Call it a tour of technique. Herein, three cookbooks... three authors... three ways to describe the mystical, mezmerizing mastery of controlled kitchen flames.

Flambéing ("French Farmhouse Cookbook" by Susan Hermann Loomis)
When flambéing—that is, sprinkling a dish with brandy or other alcohol, then igniting it with a match to burn the alcohol off—follow these safety precautions:

• Tie back your hair
• Work off the heat and away from obstructions
• Stand back from the pan and avert your face
• Use a long kitchen match
How to Flambé ("Everybody Eats Well in Belgium Cookbook" by Ruth Van Waerebeek)
1. Heat the alcohol in a small saucepan over high heat.
2. When it is hot, remove the pan from the burner, and standing back, carefully ignite it with a long kitchen match.
3. Pour the flaming alcohol slowly over the dish that is being flambéed.

Safety Tips
• Make sure the hood fan on your range is turned off.
• Make sure there is nothing close by that can catch fire, including overhead shelves and paper products. Also make sure your clothing doesn't interfere or get in the way of the flames.
• Keep a large lid at the ready to cover the flames if they should get out of hand.
• Use good-quality alcohol and pour it from the bottle at the last minute so it does not evaporate.
Flambeing ("The New Basics" by Julee Rosso & Sheila Lukins)
Flaming a dish with brandy or liqueur must be done very carefully. Use long kitchen matches (they work best), be sure not to lean over the dish while you're igniting it, and always remove it from the heat source first.
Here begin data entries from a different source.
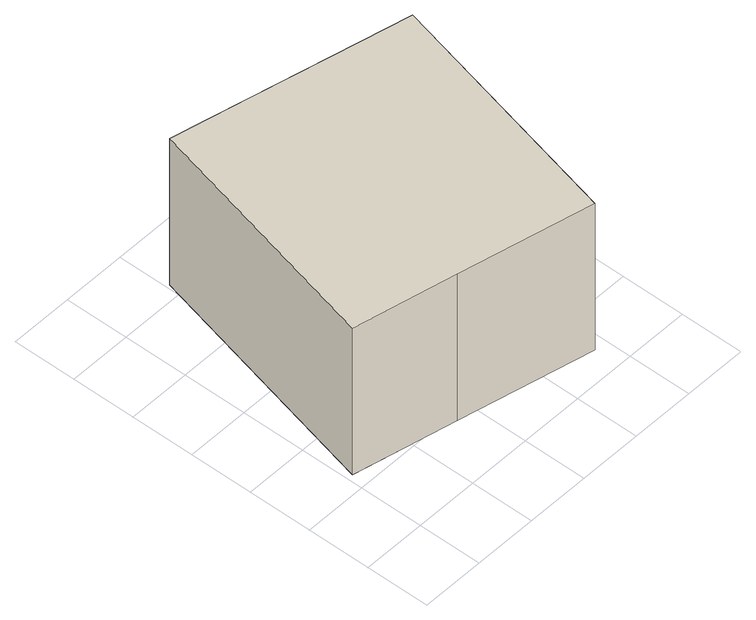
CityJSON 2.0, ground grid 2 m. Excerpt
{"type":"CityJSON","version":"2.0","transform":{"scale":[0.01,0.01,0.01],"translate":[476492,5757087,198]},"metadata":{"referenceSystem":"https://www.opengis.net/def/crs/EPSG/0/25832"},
"CityObjects":{
"building1":{"type":"Building","attributes":{"Gemeindeschluessel":"05766056","BezugspunktDach":"2000","function":"31001_2611","measuredHeight":5.35},"address":[{"country":"Germany","locality":"Oerlinghausen","thoroughfareNumber":"22","thoroughfareName":"Ravensberger Straße"}],"geometry":[{"type":"Solid","lod":"1","boundaries":[[[[0,1,2,3,4,5,6]],[[7,8,9,10,11,12,13]],[[7,13,6,5]],[[8,7,5,4]],[[9,8,4,3]],[[10,9,3,2]],[[11,10,2,1]],[[12,11,1,0]],[[13,12,0,6]]]]}]}
},
"vertices":[
[787,908,632],[448,987,632],[211,1041,632],[19,249,632],[340,177,632],[758,82,632],[948,871,632],[758,82,97],[340,177,97],[19,249,97],[211,1041,97],[448,987,97],[787,908,97],[948,871,97]
]}
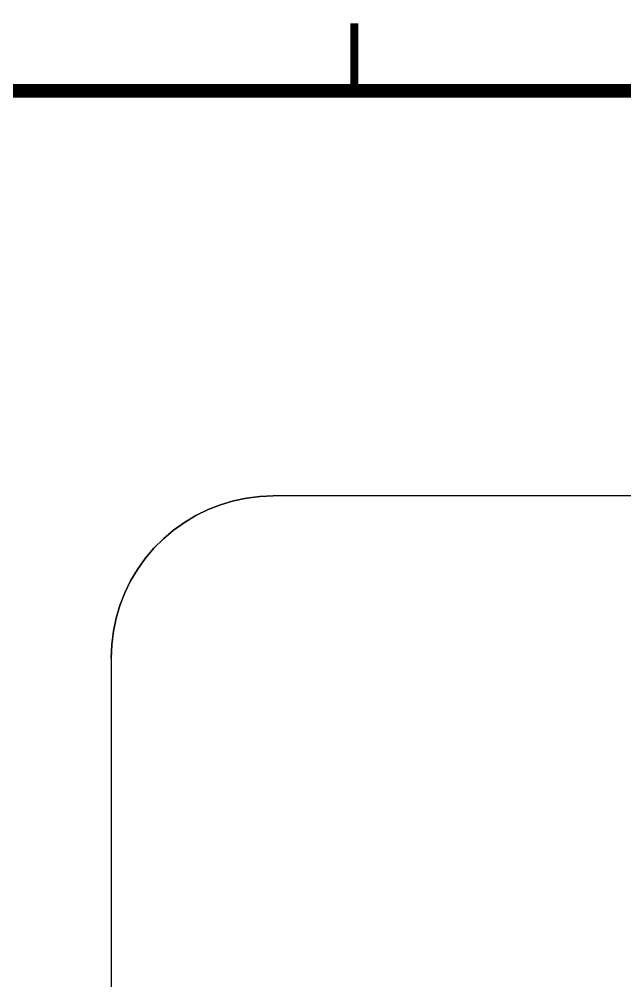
# Model space of a CAD drawing. Extents: x 295 to 953, y 10 to 290.
# Drawn here: x 577.07 to 599.49, y 252.04 to 287.65 of the extents above; entities that cross this region are included whole.
import ezdxf

# ---------------------------------------------------------------- set-up
doc = ezdxf.new("R2010")
doc.units = 0
doc.header["$LTSCALE"] = 5
doc.header["$MEASUREMENT"] = 0
doc.layers.get('0').update_dxf_attribs({"linetype": 'CONTINUOUS', "lineweight": 25})
doc.layers.add('FROMC1', color=7, linetype='CONTINUOUS')
doc.layers.add('테두리', color=3, linetype='CONTINUOUS')

# ---------------------------------------------------------------- blocks, each defined once
blk = doc.blocks.new('C')
at = {"layer": '테두리'}
for points, const_width in [([(112.5, 287.5), (112.5, 285)], 0.3), ([(15, 285), (15, 15), (405, 15), (405, 285), (15, 285)], 0.5)]:
    blk.add_lwpolyline(points, dxfattribs=dict(at, const_width=const_width))

msp = doc.modelspace()

# ---------------------------------------------------------------- linework, layer by layer
at = {"layer": 'FROMC1'}
for p, q in [((585.004, 269.812), (585.486, 269.913)), ((585.486, 269.913), (585.004, 269.812)), ((585.486, 269.913), (585.979, 269.979)), ((585.979, 269.979), (585.486, 269.913)), ((585.979, 269.979), (586.477, 270)), ((586.477, 270), (585.979, 269.979)), ((794.473, 270), (586.477, 270)), ((794.473, 270), (586.477, 270)), ((584.064, 269.492), (584.526, 269.674)), ((584.526, 269.674), (584.064, 269.492)), ((584.526, 269.674), (585.004, 269.812)), ((585.004, 269.812), (584.526, 269.674)), ((583.195, 269.019), (583.617, 269.273)), ((583.617, 269.273), (583.195, 269.019)), ((583.617, 269.273), (584.064, 269.492)), ((584.064, 269.492), (583.617, 269.273)), ((582.789, 268.735), (583.195, 269.019)), ((583.195, 269.019), (582.789, 268.735)), ((582.413, 268.41), (582.789, 268.735)), ((582.789, 268.735), (582.413, 268.41)), ((582.063, 268.059), (582.413, 268.41)), ((582.413, 268.41), (582.063, 268.059)), ((581.742, 267.683), (582.063, 268.059)), ((582.063, 268.059), (581.742, 267.683)), ((581.453, 267.277), (581.742, 267.683)), ((581.742, 267.683), (581.453, 267.277)), ((581.199, 266.855), (581.453, 267.277)), ((581.453, 267.277), (581.199, 266.855)), ((580.98, 266.408), (581.199, 266.855)), ((581.199, 266.855), (580.98, 266.408)), ((580.798, 265.946), (580.98, 266.408)), ((580.98, 266.408), (580.798, 265.946)), ((580.66, 265.468), (580.798, 265.946)), ((580.798, 265.946), (580.66, 265.468)), ((580.559, 264.986), (580.66, 265.468)), ((580.66, 265.468), (580.559, 264.986)), ((580.498, 264.493), (580.559, 264.986)), ((580.559, 264.986), (580.498, 264.493)), ((580.478, 263.995), (580.498, 264.493)), ((580.498, 264.493), (580.478, 263.995)), ((580.478, 263.995), (580.478, 75.999)), ((580.478, 263.995), (580.478, 75.999))]:
    msp.add_line(p, q, dxfattribs=at)

# ---------------------------------------------------------------- block references
msp.add_blockref('C', (476.978, 0))

doc.saveas('drawing.dxf')

In order to flame, the brandy must be warmed first. Warm it in a small, heavy saucepan, remove it from the heat, then ignite it and pour it over the prepared dish, which is also off the heat. Or skim the accumulated fat from the cooking liquid, add the brandy to the skillet, allow it to warm, then remove it from the heat, and ignite. The flame will die out quickly.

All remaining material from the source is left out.